BEGIN
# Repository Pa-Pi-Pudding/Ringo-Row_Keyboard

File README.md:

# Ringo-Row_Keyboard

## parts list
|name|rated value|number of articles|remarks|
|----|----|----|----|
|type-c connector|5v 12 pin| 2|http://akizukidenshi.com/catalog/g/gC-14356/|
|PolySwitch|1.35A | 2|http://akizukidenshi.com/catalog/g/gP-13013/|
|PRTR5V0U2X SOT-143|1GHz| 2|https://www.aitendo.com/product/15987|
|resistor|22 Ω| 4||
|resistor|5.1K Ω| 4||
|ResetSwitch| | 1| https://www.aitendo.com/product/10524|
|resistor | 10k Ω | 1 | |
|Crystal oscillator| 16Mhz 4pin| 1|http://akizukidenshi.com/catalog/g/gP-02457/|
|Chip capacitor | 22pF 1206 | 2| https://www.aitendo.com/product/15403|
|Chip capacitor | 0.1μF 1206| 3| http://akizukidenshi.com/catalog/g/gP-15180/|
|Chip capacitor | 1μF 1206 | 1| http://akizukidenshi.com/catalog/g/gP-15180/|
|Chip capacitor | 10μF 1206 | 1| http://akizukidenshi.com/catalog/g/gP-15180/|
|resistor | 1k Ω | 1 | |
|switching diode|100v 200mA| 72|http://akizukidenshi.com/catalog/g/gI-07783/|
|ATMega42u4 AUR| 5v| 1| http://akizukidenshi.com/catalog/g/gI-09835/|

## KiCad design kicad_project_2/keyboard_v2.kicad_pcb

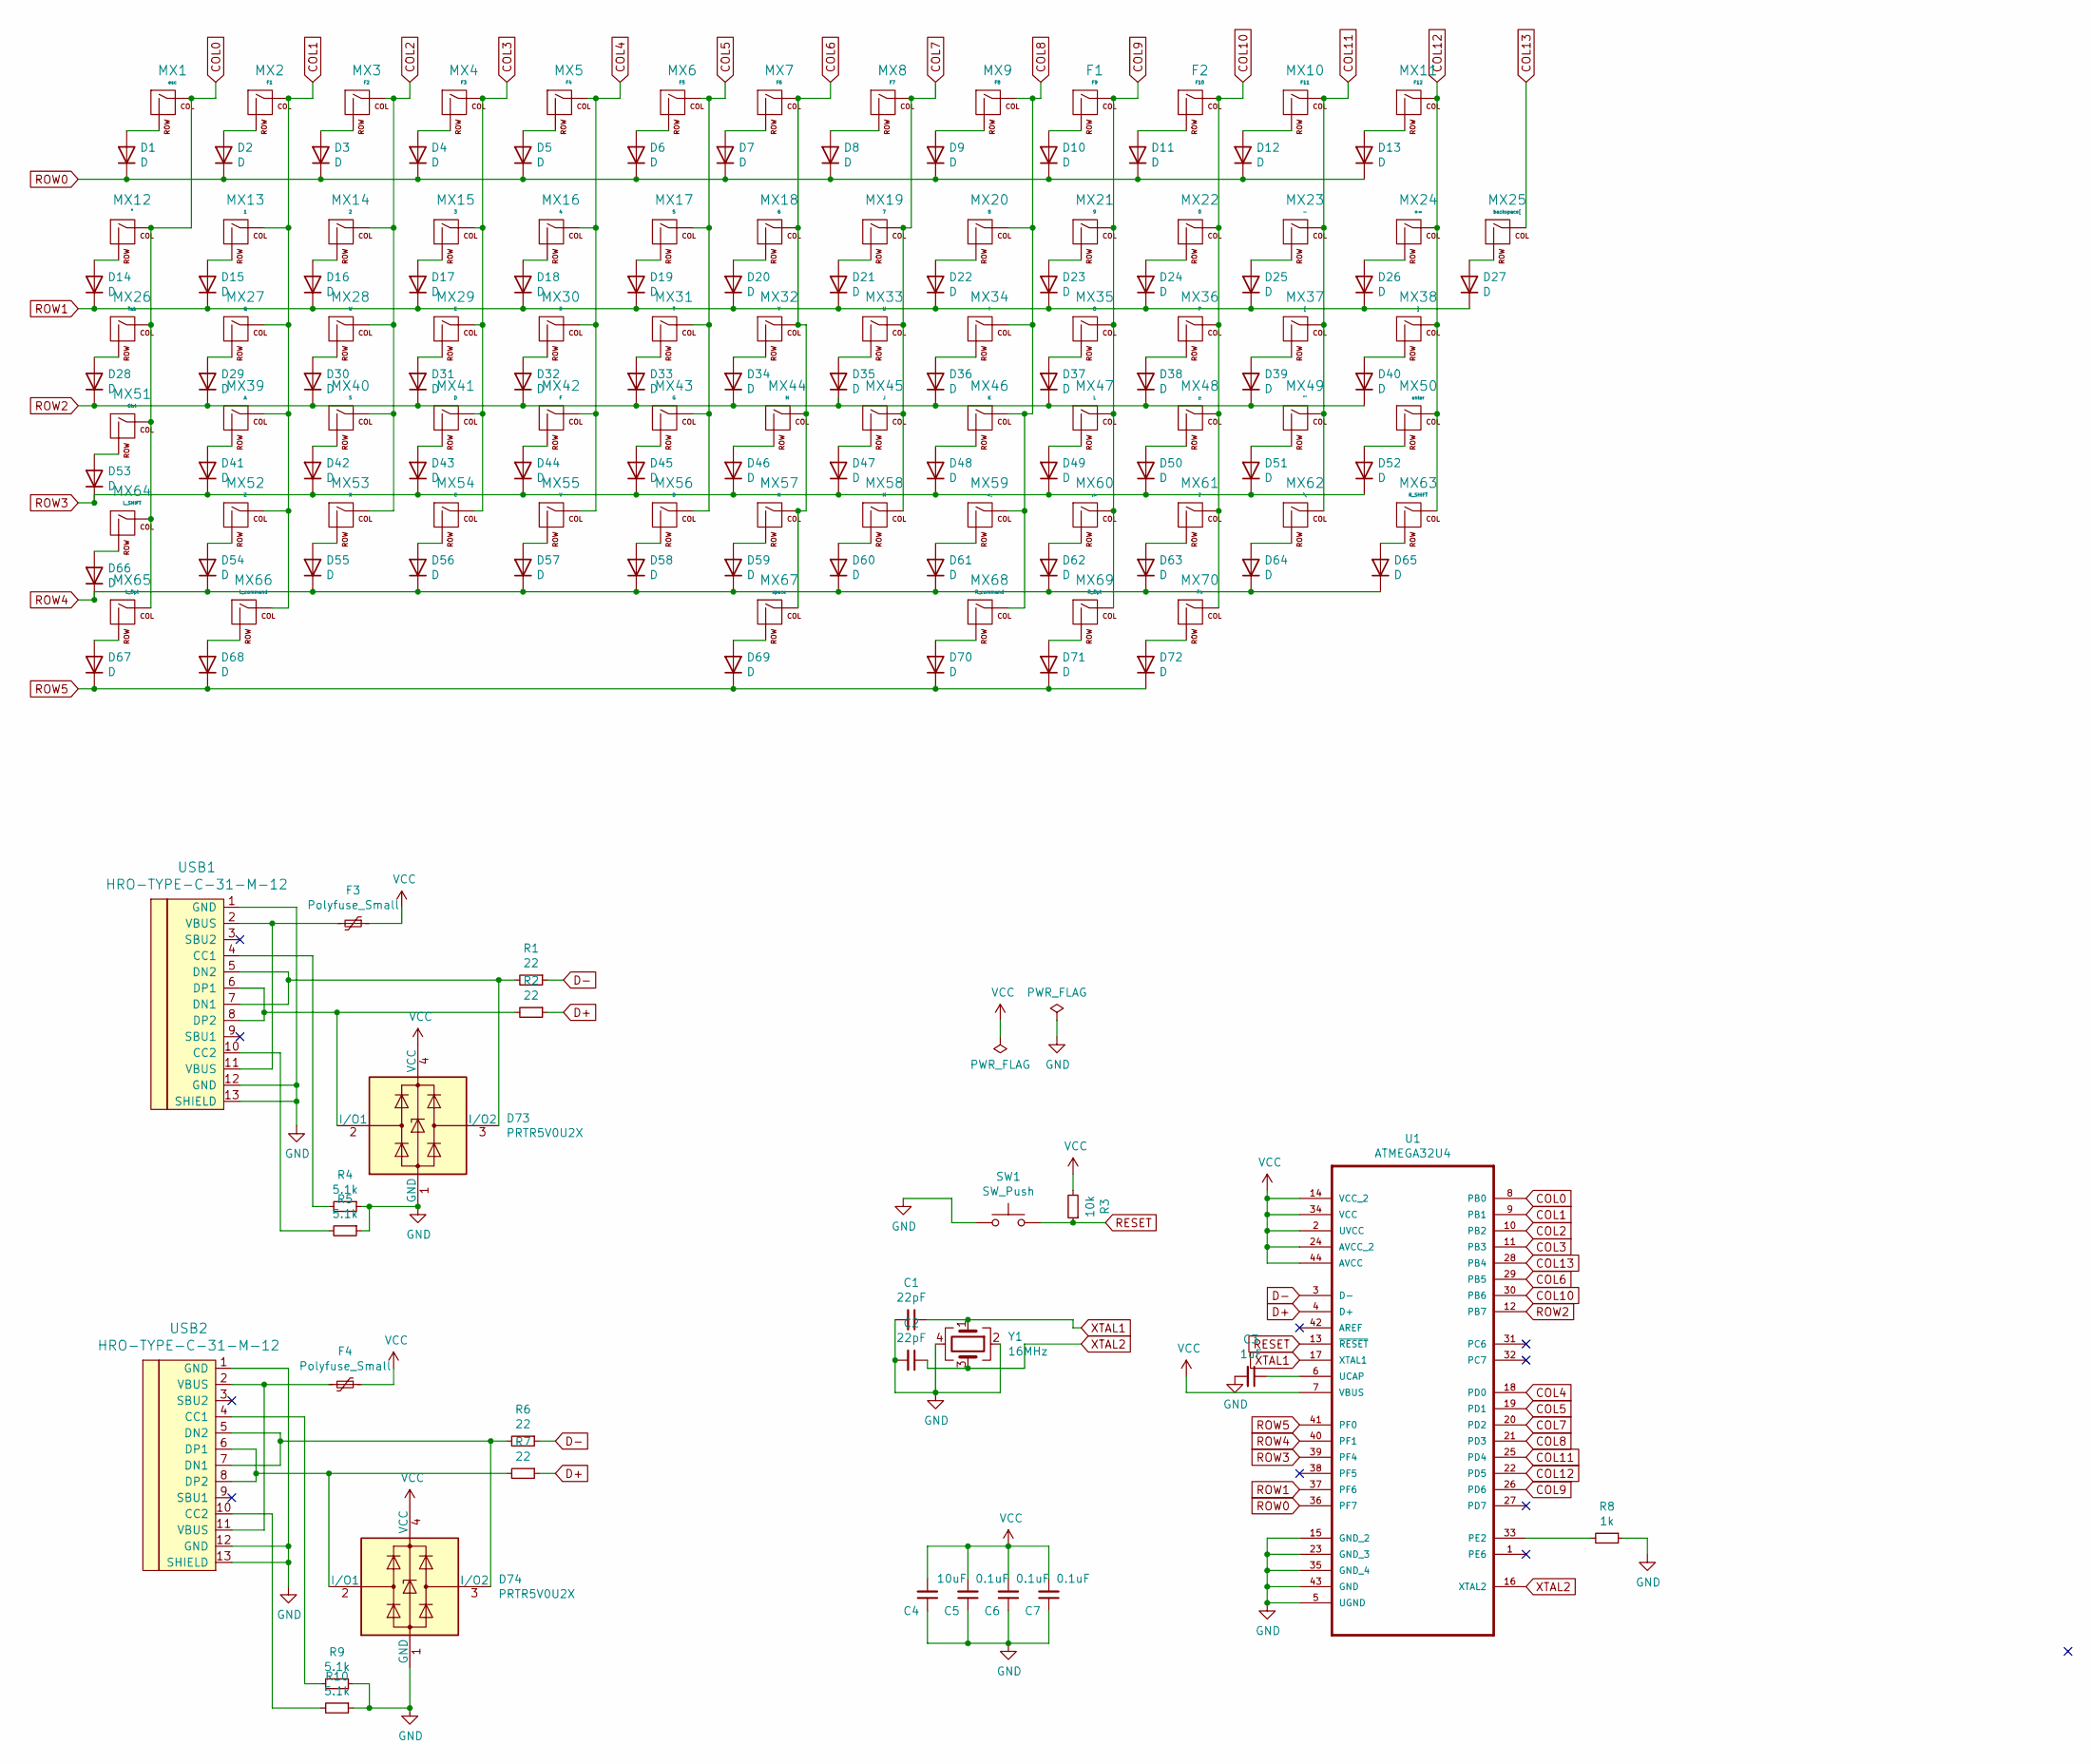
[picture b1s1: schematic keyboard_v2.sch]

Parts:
C1, C2: 22pF; C_1206_3216Metric_Pad1.42x1.75mm_HandSolder
C3: 1uF; D3_TH_SMD
C4: 10uF; D3_TH_SMD
C5, C6, C7: 0.1uF; D3_TH_SMD
D1, D2, D3, D4, D5, D6, D7, D8, D9, D10, D11, D12, D13, D14, D15, D16, D17, D18, D19, D20, D21, D22, D23, D24, D25, D26, D27, D28, D29, D30, D31, D32, D33, D34, D35, D36, D37, D38, D39, D40, D41, D42, D43, D44, D45, D46, D47, D48, D49, D50, D51, D52, D53, D54, D55, D56, D57, D58, D59, D60, D61, D62, D63, D64, D65, D66, D67, D68, D69, D70, D71, D72: D; D3_TH_SMD
D73, D74: PRTR5V0U2X; SOT-143_Handsoldering
F1: F9; ALPS-1U
F2: F10; ALPS-1U
F3, F4: Polyfuse_Small; D3_TH_SMD
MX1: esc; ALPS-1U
END
**What is needed**.
Pull out all lines of the data with the string "Chip".

**Solution to this problem**.
|Chip capacitor | 22pF 1206 | 2| https://www.aitendo.com/product/15403|
|Chip capacitor | 0.1μF 1206| 3| http://akizukidenshi.com/catalog/g/gP-15180/|
|Chip capacitor | 1μF 1206 | 1| http://akizukidenshi.com/catalog/g/gP-15180/|
|Chip capacitor | 10μF 1206 | 1| http://akizukidenshi.com/catalog/g/gP-15180/|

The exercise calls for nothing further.